Alemanha abriga o maior contingente militar americano na Europa

O presidente dos Estados Unidos, Donald Trump, retirará 5 mil militares americanos de suas bases na Alemanha, informou o Pentágono nesta sexta-feira.

A decisão demonstraria o descontentamento de Trump, que já havia ameaçado nesta semana retirar tropas devido à falta de apoio de seus aliados europeus na guerra contra o Irã.

Essa ação também é interpretada como uma reação às críticas do chanceler federal alemão, Friedrich Merz, que afirmou que o governo dos EUA tem sido “humilhado” pelo Irã.

Em reação ao anúncio dos EUA, o ministro da Defesa alemão, Boris Pistorius, afirmou que a decisão de retirar 5.000 soldados de seu país era “previsível”.

Em declarações à agência de notícias DPA, Pistorius também enfatizou que “a presença de soldados americanos na Europa, e particularmente na Alemanha, é do nosso interesse e do interesse dos EUA”, mas acrescentou: “Nós, europeus, temos que assumir uma responsabilidade maior por nossa segurança”.

Enquanto isso, a porta-voz da Otan, Allison Hart, disse que a aliança está “trabalhando com os EUA para entender os detalhes de sua decisão”.
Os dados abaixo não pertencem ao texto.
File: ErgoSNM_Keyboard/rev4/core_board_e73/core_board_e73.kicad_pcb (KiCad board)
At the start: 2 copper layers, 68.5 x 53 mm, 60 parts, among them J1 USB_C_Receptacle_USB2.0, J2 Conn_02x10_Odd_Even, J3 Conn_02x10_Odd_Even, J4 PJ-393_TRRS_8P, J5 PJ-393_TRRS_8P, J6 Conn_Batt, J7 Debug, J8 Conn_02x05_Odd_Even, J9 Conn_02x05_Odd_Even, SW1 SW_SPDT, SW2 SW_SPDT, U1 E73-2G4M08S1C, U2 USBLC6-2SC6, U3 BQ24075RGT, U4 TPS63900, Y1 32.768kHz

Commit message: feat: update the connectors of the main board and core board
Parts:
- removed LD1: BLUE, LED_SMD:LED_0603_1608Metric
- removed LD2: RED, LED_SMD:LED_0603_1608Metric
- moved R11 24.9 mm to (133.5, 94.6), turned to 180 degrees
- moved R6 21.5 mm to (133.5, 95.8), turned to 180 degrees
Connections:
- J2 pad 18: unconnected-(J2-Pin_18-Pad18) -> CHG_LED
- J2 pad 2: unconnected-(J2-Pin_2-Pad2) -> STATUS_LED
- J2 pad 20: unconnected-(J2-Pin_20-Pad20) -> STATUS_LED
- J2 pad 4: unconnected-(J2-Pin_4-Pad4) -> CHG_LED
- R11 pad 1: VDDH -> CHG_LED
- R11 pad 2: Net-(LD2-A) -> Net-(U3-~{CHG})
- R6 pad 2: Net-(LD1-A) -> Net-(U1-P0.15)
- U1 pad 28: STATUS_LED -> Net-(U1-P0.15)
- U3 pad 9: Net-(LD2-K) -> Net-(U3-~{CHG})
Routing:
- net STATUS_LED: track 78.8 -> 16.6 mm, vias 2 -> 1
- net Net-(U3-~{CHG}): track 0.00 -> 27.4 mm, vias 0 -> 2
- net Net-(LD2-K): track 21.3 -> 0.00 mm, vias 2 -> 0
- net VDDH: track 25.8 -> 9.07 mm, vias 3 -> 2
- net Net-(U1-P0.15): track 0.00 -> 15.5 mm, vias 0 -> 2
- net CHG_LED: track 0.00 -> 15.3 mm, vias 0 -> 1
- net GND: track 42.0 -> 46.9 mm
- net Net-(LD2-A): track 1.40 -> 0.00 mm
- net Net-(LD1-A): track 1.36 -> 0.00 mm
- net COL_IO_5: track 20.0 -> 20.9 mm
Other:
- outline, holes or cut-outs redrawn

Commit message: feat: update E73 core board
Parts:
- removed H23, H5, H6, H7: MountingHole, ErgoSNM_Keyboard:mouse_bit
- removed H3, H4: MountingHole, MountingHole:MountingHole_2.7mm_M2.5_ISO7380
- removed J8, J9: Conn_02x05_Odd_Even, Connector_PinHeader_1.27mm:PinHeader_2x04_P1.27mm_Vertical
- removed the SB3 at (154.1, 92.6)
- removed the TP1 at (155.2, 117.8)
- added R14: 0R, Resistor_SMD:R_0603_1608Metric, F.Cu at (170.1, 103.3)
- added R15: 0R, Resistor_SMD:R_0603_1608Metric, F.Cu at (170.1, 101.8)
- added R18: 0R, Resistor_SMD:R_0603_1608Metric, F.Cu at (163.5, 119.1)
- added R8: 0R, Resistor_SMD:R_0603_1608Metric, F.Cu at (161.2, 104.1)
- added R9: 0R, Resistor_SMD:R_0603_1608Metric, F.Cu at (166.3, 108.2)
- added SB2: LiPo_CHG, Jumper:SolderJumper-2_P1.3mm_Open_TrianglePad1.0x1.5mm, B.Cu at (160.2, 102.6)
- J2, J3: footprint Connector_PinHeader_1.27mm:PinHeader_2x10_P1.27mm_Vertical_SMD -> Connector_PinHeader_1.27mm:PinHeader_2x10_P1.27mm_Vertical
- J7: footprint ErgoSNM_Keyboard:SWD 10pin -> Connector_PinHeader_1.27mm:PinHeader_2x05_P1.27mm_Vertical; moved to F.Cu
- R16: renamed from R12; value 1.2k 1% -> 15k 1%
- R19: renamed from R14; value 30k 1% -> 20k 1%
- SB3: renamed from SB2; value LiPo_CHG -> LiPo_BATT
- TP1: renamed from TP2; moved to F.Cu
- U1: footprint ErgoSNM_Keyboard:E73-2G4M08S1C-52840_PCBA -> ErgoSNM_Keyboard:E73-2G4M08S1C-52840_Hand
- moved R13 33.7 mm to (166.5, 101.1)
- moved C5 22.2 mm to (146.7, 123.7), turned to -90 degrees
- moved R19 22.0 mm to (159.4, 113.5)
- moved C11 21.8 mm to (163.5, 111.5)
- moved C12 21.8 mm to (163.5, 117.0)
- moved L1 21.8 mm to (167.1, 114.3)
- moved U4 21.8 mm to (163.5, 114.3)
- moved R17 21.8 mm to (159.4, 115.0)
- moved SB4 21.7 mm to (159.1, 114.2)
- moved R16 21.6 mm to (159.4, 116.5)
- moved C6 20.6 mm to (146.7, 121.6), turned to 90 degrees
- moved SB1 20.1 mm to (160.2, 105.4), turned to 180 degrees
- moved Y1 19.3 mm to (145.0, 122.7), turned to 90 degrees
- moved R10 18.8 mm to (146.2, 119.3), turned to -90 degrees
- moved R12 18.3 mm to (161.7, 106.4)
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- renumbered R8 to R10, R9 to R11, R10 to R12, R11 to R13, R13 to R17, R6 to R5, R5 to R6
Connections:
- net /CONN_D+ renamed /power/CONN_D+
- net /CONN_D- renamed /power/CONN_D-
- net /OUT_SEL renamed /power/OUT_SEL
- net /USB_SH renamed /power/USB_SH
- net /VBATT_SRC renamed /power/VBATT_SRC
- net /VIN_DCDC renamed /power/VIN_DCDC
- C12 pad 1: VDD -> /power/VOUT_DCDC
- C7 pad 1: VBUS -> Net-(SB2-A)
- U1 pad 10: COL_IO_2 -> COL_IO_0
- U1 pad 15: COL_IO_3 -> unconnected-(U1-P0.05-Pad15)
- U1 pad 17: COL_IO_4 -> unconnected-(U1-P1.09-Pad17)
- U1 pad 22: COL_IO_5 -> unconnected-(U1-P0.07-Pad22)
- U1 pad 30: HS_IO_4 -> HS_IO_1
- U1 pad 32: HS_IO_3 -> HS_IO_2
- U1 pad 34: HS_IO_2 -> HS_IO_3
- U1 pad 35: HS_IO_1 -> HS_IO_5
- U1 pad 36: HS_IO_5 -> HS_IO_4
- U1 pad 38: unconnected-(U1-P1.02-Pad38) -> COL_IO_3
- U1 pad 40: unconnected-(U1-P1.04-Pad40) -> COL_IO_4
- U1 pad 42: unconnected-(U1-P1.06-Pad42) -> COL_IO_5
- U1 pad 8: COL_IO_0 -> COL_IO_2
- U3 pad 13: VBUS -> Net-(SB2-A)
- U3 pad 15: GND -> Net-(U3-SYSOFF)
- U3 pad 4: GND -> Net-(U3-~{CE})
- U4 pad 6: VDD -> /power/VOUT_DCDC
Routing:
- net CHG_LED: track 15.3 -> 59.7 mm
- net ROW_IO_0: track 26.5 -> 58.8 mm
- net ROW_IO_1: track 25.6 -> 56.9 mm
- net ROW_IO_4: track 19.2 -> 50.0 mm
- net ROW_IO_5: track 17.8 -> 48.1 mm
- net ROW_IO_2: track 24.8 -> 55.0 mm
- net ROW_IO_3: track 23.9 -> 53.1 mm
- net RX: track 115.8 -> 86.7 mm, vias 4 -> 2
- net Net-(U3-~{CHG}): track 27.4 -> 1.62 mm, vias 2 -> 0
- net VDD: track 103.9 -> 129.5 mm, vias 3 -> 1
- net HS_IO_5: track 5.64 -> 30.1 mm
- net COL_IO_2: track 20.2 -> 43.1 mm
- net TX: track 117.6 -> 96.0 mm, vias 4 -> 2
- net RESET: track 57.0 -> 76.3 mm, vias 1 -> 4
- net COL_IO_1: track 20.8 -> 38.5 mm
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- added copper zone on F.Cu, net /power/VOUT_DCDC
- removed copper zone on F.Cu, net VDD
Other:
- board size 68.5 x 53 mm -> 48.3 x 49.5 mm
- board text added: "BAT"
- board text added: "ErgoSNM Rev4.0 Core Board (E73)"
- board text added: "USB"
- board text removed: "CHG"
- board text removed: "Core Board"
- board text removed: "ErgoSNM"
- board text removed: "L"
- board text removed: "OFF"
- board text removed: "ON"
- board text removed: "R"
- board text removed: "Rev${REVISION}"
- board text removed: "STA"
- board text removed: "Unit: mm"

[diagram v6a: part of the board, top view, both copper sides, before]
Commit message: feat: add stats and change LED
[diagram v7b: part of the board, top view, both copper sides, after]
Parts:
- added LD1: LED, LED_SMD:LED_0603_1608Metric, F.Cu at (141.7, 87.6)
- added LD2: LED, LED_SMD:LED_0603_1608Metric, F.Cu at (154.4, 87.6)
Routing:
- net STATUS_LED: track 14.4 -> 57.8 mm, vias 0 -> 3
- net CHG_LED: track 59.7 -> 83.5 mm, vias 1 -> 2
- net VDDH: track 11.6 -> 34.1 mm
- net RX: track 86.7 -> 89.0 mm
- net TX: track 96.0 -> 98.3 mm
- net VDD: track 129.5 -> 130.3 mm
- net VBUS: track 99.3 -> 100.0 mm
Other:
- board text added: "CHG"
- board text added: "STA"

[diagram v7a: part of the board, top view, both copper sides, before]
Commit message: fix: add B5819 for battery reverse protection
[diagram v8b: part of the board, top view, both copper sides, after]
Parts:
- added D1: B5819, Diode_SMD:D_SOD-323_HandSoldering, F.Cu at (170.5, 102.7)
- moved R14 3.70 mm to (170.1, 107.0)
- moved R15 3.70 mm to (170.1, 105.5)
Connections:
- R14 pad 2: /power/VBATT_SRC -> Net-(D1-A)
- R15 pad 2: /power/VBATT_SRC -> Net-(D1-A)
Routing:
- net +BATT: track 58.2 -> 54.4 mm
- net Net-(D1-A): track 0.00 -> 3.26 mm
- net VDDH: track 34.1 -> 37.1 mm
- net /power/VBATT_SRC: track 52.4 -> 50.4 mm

Quase 40 mil militares no país

Atualmente, o Exército dos Estados Unidos mantém grande presença na Alemanha, quase 40 mil militares na ativa distribuídos por várias instalações do país, entre elas a base aérea de Ramstein, o quartel-general em Wiesbaden, as áreas de treinamento de Grafenwöhr e Hohenfels na Baviera, a base aérea de Spangdahlem e o complexo militar de Stuttgart. O país abriga o maior contingente americano na Europa.

O ministro alemão da Defesa, Boris Pistorius, disse neste sábado (02/05) que a medida é “previsível” e tentou apaziguar a situação após o anúncio dos EUA. “A presença de soldados americanos na Europa, e especialmente na Alemanha, é do nosso interesse e do interesse dos EUA”, ressaltou Pistorius à agência de notícias alemã DPA. Ao mesmo tempo, deixou claro que a decisão não foi inesperada.

Ele afirmou ser evidente que a Otan precisa se tornar mais europeia para se manter transatlântica. “Nós, europeus, precisamos assumir mais responsabilidade pela nossa segurança”, afirmou Pistorius, acrescentando que a “Alemanha está no caminho certo nesse sentido”.

Na quinta-feira, Trump advertiu Merz que ele deveria se preocupar mais em “consertar” seu país “destruído” e pôr fim à guerra na Ucrânia, em vez de “interferir” no conflito com o Irã, em uma nova salva de críticas na troca de farpas entre os dois líderes.

O republicano acusou o líder europeu de não apoiar os EUA na guerra contra o Irã e de acreditar “que é aceitável que o Irã tenha uma arma nuclear”, além de enfatizar que “não é à toa que a Alemanha está indo tão mal, tanto economicamente quanto em outros aspectos!”.

Merz apoiou inicialmente os ataques dos EUA e de Israel ao Irã. No entanto, com o passar do tempo, assumiu uma postura cada vez mais crítica, o que lhe rendeu as críticas do republicano.

Trump criticou repetidamente seus aliados europeus por não atenderem ao chamado de Washington, que, juntamente com Tel Aviv, iniciou a guerra contra Teerã em 28 de fevereiro, sem consultar ou comunicar nada previamente aos seus parceiros da Otan.